The observability stack provides:
Metrics : Prometheus collects time-series data from /metrics endpoint
Logs : Loki aggregates structured logs from Pino logger
Visualization : Grafana dashboards for metrics and log exploration
┌─────────────────┐
│ API Server │ :8000
│ /metrics │─────────────┐
│ (pino-loki) │─────────┐ │
└─────────────────┘ │ │
│ │ scrapes metrics
pushes │ │
logs │ │
▼ ▼
┌─────────────────┐ ┌─────────────────┐
│ Loki │ │ Prometheus │
│ (log storage) │ │ (metrics store) │
│ :3100 │ │ :9090 │
└────────┬────────┘ └────────┬────────┘
│ │
└──────────┬───────────┘
│
▼
┌─────────────────┐
│ Grafana │ :8001
│ (visualization) │
└─────────────────┘
# Start PostgreSQL + Prometheus + Grafana + Loki
docker compose -f docker-compose.dev.yml up -d
# Start the API server
bun run dev --filter=@repo/api
Open Grafana at http://localhost:8001
Login with admin / admin
Navigate to Dashboards :
API Metrics Dashboard - HTTP, database, OAuth metrics
API Logs Dashboard - Log volume, errors, live log viewer
Metric
Type
Labels
Description
http_requests_total
Counter
method, route, status_code
Total HTTP requests
http_request_duration_seconds
Histogram
method, route, status_code
Request duration
Metric
Type
Labels
Description
db_queries_total
Counter
operation, table
Total database queries
db_query_duration_seconds
Histogram
operation, table
Query execution time
db_connection_pool_size
Gauge
-
Current pool size
db_connection_pool_idle
Gauge
-
Idle connections
Metric
Type
Labels
Description
oauth_events_total
Counter
provider, event
OAuth events
oauth_success_total
Counter
provider
Successful completions
oauth_failures_total
Counter
provider, reason
Failed attempts
// apps/api/src/modules/mymodule/mymodule.metrics.ts
import { Counter , Histogram } from "prom-client" ;
import { metricsRegistry } from "@repo/shared/metrics" ;
export const myOperationsTotal = new Counter ( {
name : "my_operations_total" ,
help : "Total number of operations" ,
labelNames : [ "type" , "status" ] ,
registers : [ metricsRegistry ] ,
} ) ;
export const myOperationDuration = new Histogram ( {
name : "my_operation_duration_seconds" ,
help : "Operation duration in seconds" ,
labelNames : [ "type" ] ,
buckets : [ 0.01 , 0.05 , 0.1 , 0.5 , 1 , 2 , 5 ] ,
registers : [ metricsRegistry ] ,
} ) ;
import { myOperationsTotal , myOperationDuration } from "./mymodule.metrics" ;
export async function performOperation ( type : string ) {
const timer = myOperationDuration . startTimer ( { type } ) ;
try {
await doWork ( ) ;
myOperationsTotal . inc ( { type, status : "success" } ) ;
} catch ( error ) {
myOperationsTotal . inc ( { type, status : "error" } ) ;
throw error ;
} finally {
timer ( ) ;
}
}
# Request rate (last 5 minutes)
rate(http_requests_total[5m])
# Error rate percentage
sum(rate(http_requests_total{status_code=~"5.."}[5m])) /
sum(rate(http_requests_total[5m])) * 100
# P95 latency by route
histogram_quantile(0.95,
sum(rate(http_request_duration_seconds_bucket[5m])) by (le, route)
)
# Database query rate by operation
sum(rate(db_queries_total[5m])) by (operation)
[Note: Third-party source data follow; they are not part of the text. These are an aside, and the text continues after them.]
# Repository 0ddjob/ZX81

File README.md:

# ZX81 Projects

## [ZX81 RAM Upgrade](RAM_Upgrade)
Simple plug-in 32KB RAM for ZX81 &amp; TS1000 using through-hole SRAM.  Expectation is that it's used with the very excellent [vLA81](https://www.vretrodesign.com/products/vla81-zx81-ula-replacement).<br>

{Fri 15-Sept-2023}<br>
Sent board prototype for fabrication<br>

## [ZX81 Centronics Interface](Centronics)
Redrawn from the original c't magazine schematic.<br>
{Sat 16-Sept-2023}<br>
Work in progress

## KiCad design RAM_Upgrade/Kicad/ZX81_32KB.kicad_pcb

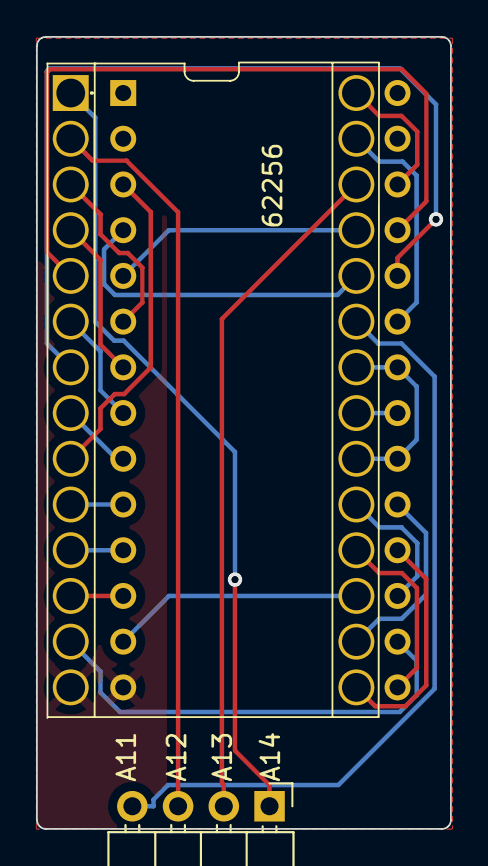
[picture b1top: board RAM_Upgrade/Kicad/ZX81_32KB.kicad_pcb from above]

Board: 2 copper layers, 23.0 x 44.0 mm, 3 parts (0 on the bottom side), 27 nets.

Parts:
IC1: CY62256NLL-55SNXI; DIP1587W140P254L3632H381Q28N
J3: Conn_01x04_Pin; PinHeader_1x04_P2.54mm_Horizontal
J4: 828-AG11D-LF; 828AG11DLF

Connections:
/+5V: IC1.28 (VCC), J4.26
/A00: IC1.10 (A0), J4.10
/A01: IC1.9 (A1), J4.3
/A02: IC1.8 (A2), J4.9
/A03: IC1.7 (A3), J4.24
/A04: IC1.6 (A4), J4.8
/A05: IC1.5 (A5), J4.25
/A06: IC1.4 (A6), J4.7
/A07: IC1.3 (A7), J4.6
/A08: IC1.25 (A8), J4.5
/A09: IC1.24 (A9), J4.4
/A10: IC1.21 (A10), J4.21
/A11: IC1.23 (A11), J3.4
/A12: IC1.2 (A12), J3.3
/A13: IC1.26 (A13), J3.2
/A14: IC1.1 (A14), J3.1
/D0: IC1.11 (DQ0), J4.11
/D1: IC1.12 (DQ1), J4.12
/D2: IC1.13 (DQ2), J4.16
/D3: IC1.15 (DQ3), J4.18
/D4: IC1.16 (DQ4), J4.19
/D5: IC1.17 (DQ5), J4.13
/D6: IC1.18 (DQ6), J4.15
/D7: IC1.19 (DQ7), J4.17
/GND: IC1.14 (VSS), J4.14
/~RAMCS: IC1.20 (CE#), IC1.22 (OE#), J4.20, J4.22
/~WR: IC1.27 (WE#), J4.23

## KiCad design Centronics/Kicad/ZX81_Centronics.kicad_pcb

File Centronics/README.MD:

# ZX81 Centronics Interface

Recreating a DIY centronics interface from German computer magazine c't.<br>

Google [auto-translation](ZX81_Centronics_Interface_p1.jpg) of the German.

[Redrawn schematic](ZX81_Centronics.pdf)

{17-Sept-2023}:<br>
Work in progress ... <br>

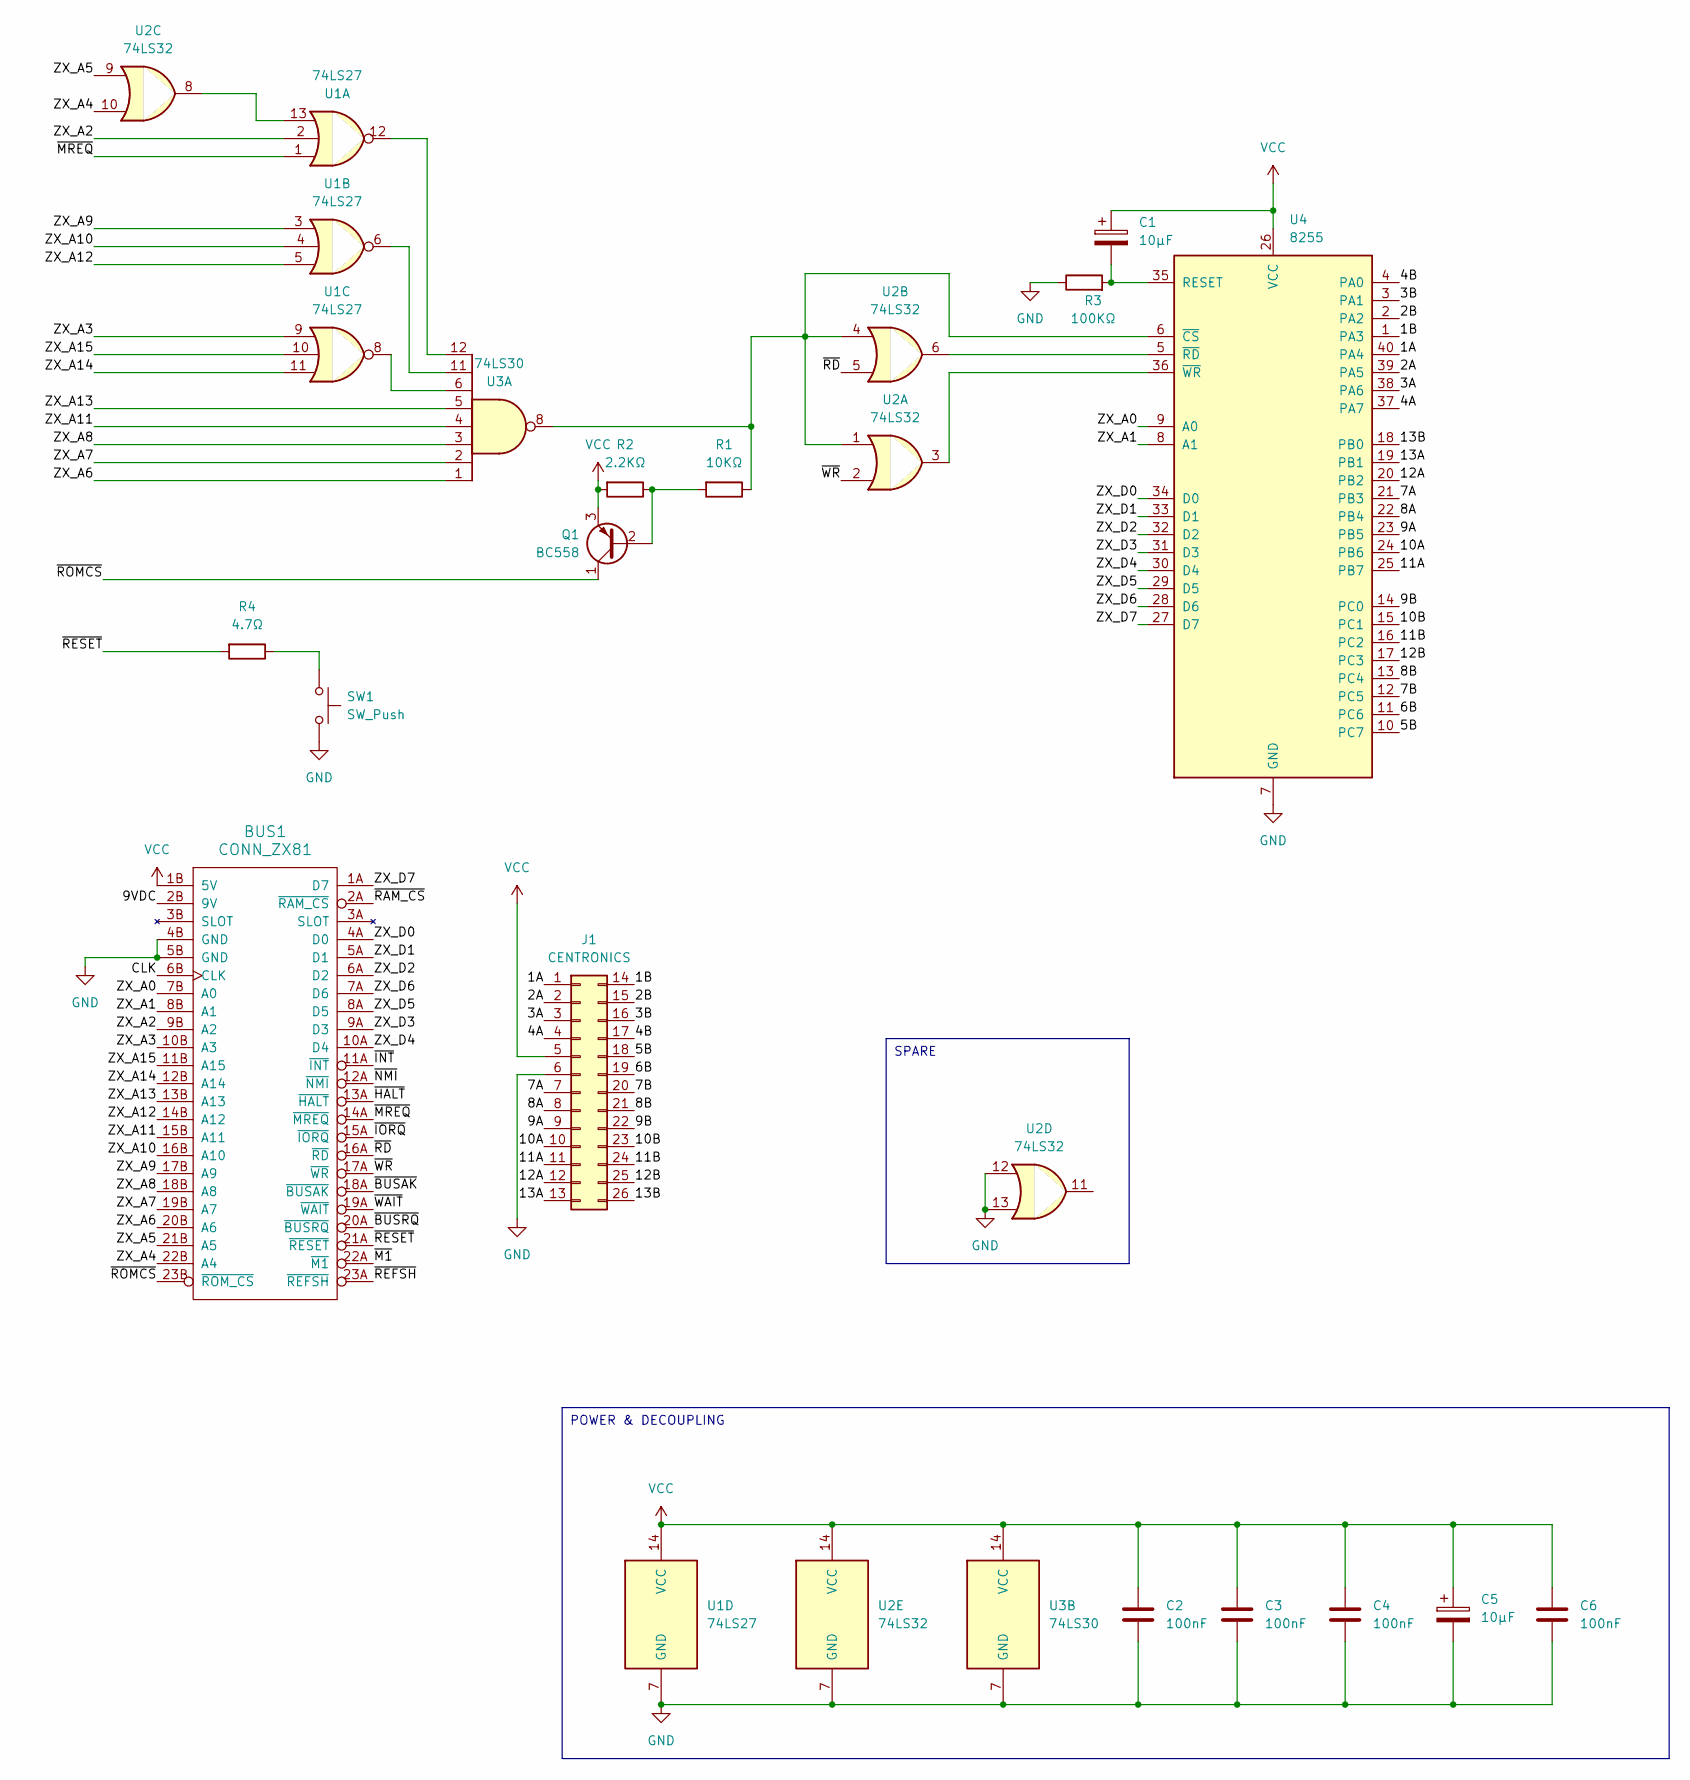
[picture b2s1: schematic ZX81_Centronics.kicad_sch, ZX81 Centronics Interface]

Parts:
BUS1: CONN_ZX81; ZX81_EDGE
C1, C5: 10µF; CP_Radial_D5.0mm_P2.50mm
C2, C3, C4, C6: 100nF; C_Disc_D4.3mm_W1.9mm_P5.00mm
J1: CENTRONICS; PinHeader_2x13_P2.54mm_Vertical
Q1: BC558; TO-92_Inline
R1: 10KΩ; R_Axial_DIN0207_L6.3mm_D2.5mm_P7.62mm_Horizontal
R2: 2.2KΩ; R_Axial_DIN0207_L6.3mm_D2.5mm_P7.62mm_Horizontal
R3: 100KΩ; R_Axial_DIN0207_L6.3mm_D2.5mm_P7.62mm_Horizontal
R4: 4.7Ω; R_Axial_DIN0207_L6.3mm_D2.5mm_P7.62mm_Horizontal
SW1: SW_Push; SW_PUSH_6mm_H4.3mm
U1: 74LS27; DIP-14_W7.62mm
U2: 74LS32; DIP-14_W7.62mm
U3: 74LS30; DIP-14_W7.62mm
U4: 8255; DIP-40_W15.24mm

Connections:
/1A: J1.1, U4.40 (PA4)
/1B: J1.14, U4.1 (PA3)
/2A: J1.2, U4.39 (PA5)
/2B: J1.15, U4.2 (PA2)
/3A: J1.3, U4.38 (PA6)
/3B: J1.16, U4.3 (PA1)
/4A: J1.4, U4.37 (PA7)
/4B: J1.17, U4.4 (PA0)
/5B: J1.18, U4.10 (PC7)
/6B: J1.19, U4.11 (PC6)
/7A: J1.7, U4.21 (PB3)
/7B: J1.20, U4.12 (PC5)
/8A: J1.8, U4.22 (PB4)
/8B: J1.21, U4.13 (PC4)
/9A: J1.9, U4.23 (PB5)
/9B: J1.22, U4.14 (PC0)
/9VDC: BUS1.2B (9V)
/10A: J1.10, U4.24 (PB6)
/10B: J1.23, U4.15 (PC1)
/11A: J1.11, U4.25 (PB7)
/11B: J1.24, U4.16 (PC2)
/12A: J1.12, U4.20 (PB2)
/12B: J1.25, U4.17 (PC3)
/13A: J1.13, U4.19 (PB1)
/13B: J1.26, U4.18 (PB0)
/CLK: BUS1.6B (CLK)
/ZX_A0: BUS1.7B (A0), U4.9 (A0)
/ZX_A1: BUS1.8B (A1), U4.8 (A1)
/ZX_A2: BUS1.9B (A2), U1.2
/ZX_A3: BUS1.10B (A3), U1.9
/ZX_A4: BUS1.22B (A4), U2.10
/ZX_A5: BUS1.21B (A5), U2.9
/ZX_A6: BUS1.20B (A6), U3.1
/ZX_A7: BUS1.19B (A7), U3.2
/ZX_A8: BUS1.18B (A8), U3.3
/ZX_A9: BUS1.17B (A9), U1.3
/ZX_A10: BUS1.16B (A10), U1.4
/ZX_A11: BUS1.15B (A11), U3.4
/ZX_A12: BUS1.14B (A12), U1.5
/ZX_A13: BUS1.13B (A13), U3.5
/ZX_A14: BUS1.12B (A14), U1.11
/ZX_A15: BUS1.11B (A15), U1.10
/ZX_D0: BUS1.4A (D0), U4.34 (D0)
/ZX_D1: BUS1.5A (D1), U4.33 (D1)
/ZX_D2: BUS1.6A (D2), U4.32 (D2)
/ZX_D3: BUS1.9A (D3), U4.31 (D3)
/ZX_D4: BUS1.10A (D4), U4.30 (D4)
/ZX_D5: BUS1.8A (D5), U4.29 (D5)
/ZX_D6: BUS1.7A (D6), U4.28 (D6)
/ZX_D7: BUS1.1A (D7), U4.27 (D7)
/~BUSAK: BUS1.18A (~BUSAK)
/~BUSRQ: BUS1.20A (~BUSRQ)
/~HALT: BUS1.13A (~HALT)
/~INT: BUS1.11A (~INT)
/~IORQ: BUS1.15A (~IORQ)
/~M1: BUS1.22A (~M1)
/~MREQ: BUS1.14A (~MREQ), U1.1
/~NMI: BUS1.12A (~NMI)
/~RAM_CS: BUS1.2A (~RAM_CS)
/~RD: BUS1.16A (~RD), U2.5
/~REFSH: BUS1.23A (~REFSH)
/~RESET: BUS1.21A (~RESET), R4.2
/~ROMCS: BUS1.23B (~ROM_CS), Q1.1 (C)
/~WAIT: BUS1.19A (~WAIT)
/~WR: BUS1.17A (~WR), U2.2
GND: BUS1.4B (GND), BUS1.5B (GND), C2.2, C3.2, C4.2, C5.2, C6.2, J1.6, R3.1, SW1.2, U1.7 (GND), U2.7 (GND), U2.12, U2.13, U3.7 (GND), U4.7 (GND)
unnamed: Q1.2 (B), R1.2, R2.1
unnamed: R4.1, SW1.1
unnamed: U1.6, U3.11
unnamed: U1.8, U3.6
unnamed: U1.12, U3.12
unnamed: U1.13, U2.8
unnamed: C1.2, R3.2, U4.35 (RESET)
unnamed: R1.1, U2.1, U2.4, U3.8, U4.6 (~CS)
unnamed: U2.6, U4.5 (~RD)
unnamed: U2.3, U4.36 (~WR)
VCC: BUS1.1B (5V), C1.1, C2.1, C3.1, C4.1, C5.1, C6.1, J1.5, Q1.3 (E), R2.2, U1.14 (VCC), U2.14 (VCC), U3.14 (VCC), U4.26 (VCC)

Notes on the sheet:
SPARE
POWER & DECOUPLING

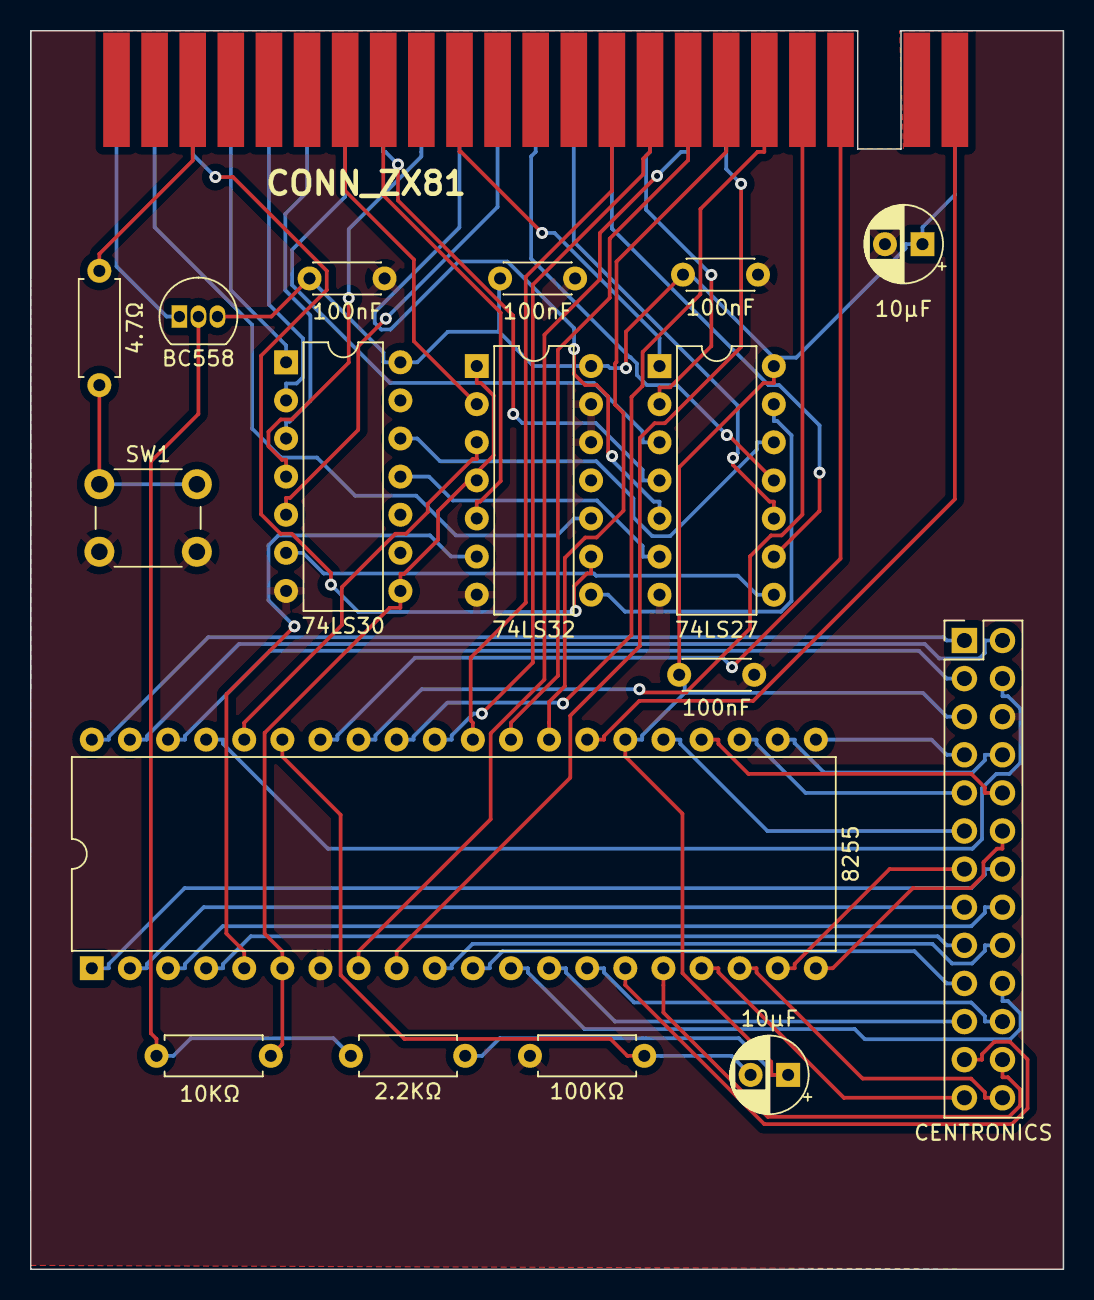
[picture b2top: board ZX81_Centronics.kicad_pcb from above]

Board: 2 copper layers, 68.8 x 82.5 mm, 18 parts (0 on the bottom side), 65 nets.

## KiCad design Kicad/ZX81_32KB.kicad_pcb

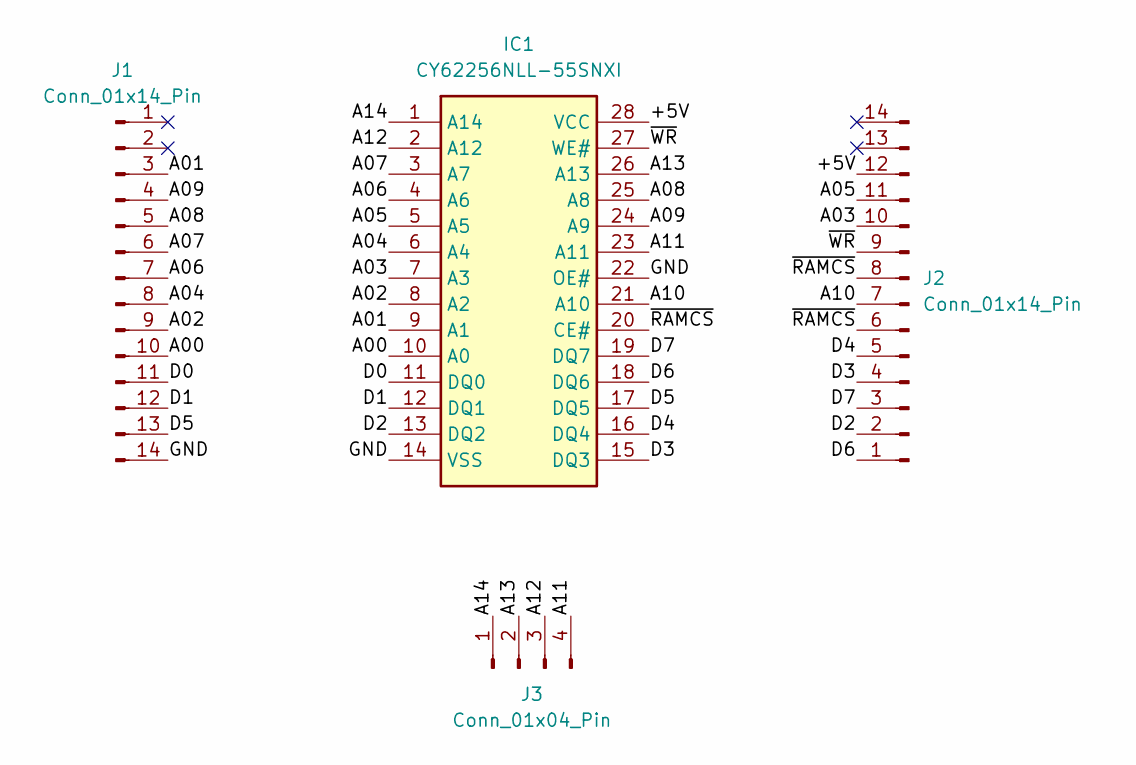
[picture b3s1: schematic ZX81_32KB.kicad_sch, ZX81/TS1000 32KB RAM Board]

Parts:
IC1: CY62256NLL-55SNXI; DIP1587W140P254L3632H381Q28N; Mouser Part Number 913-AS6C62256-55PCN
J1, J2: Conn_01x14_Pin; PinHeader_1x14_P2.54mm_Vertical
J3: Conn_01x04_Pin; PinHeader_1x04_P2.54mm_Horizontal

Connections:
/+5V: IC1.28 (VCC), J2.12
/A00: IC1.10 (A0), J1.10
/A01: IC1.9 (A1), J1.3
/A02: IC1.8 (A2), J1.9
/A03: IC1.7 (A3), J2.10
/A04: IC1.6 (A4), J1.8
/A05: IC1.5 (A5), J2.11
/A06: IC1.4 (A6), J1.7
/A07: IC1.3 (A7), J1.6
/A08: IC1.25 (A8), J1.5
/A09: IC1.24 (A9), J1.4
/A10: IC1.21 (A10), J2.7
/A11: IC1.23 (A11), J3.4
/A12: IC1.2 (A12), J3.3
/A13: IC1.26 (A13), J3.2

# Slowest database queries (P99)
histogram_quantile(0.99,
sum(rate(db_query_duration_seconds_bucket[5m])) by (le, table)
)
The API uses Pino logger with pino-loki transport to ship logs directly to Loki:
// Logs are automatically shipped to Loki
logger . info ( "User logged in" , {
module : "auth" ,
action : "login:success" ,
userId : "123" ,
} ) ;
Logs are indexed by these labels for efficient querying:
Label
Description
application
Always "api"
environment
"development" or "production"
level
Log level (info, error, etc.)
module
Source module (auth, db, etc.)
Searching Logs in Grafana
Go to Explore (compass icon)
Select Loki datasource
Use LogQL queries:
# All API logs
{application="api"}
# Error logs only
{application="api", level="error"}
# Auth module logs
{application="api", module="auth"}
# Search for specific text
{application="api"} |= "login"
# JSON field filtering
{application="api"} | json | userId="123"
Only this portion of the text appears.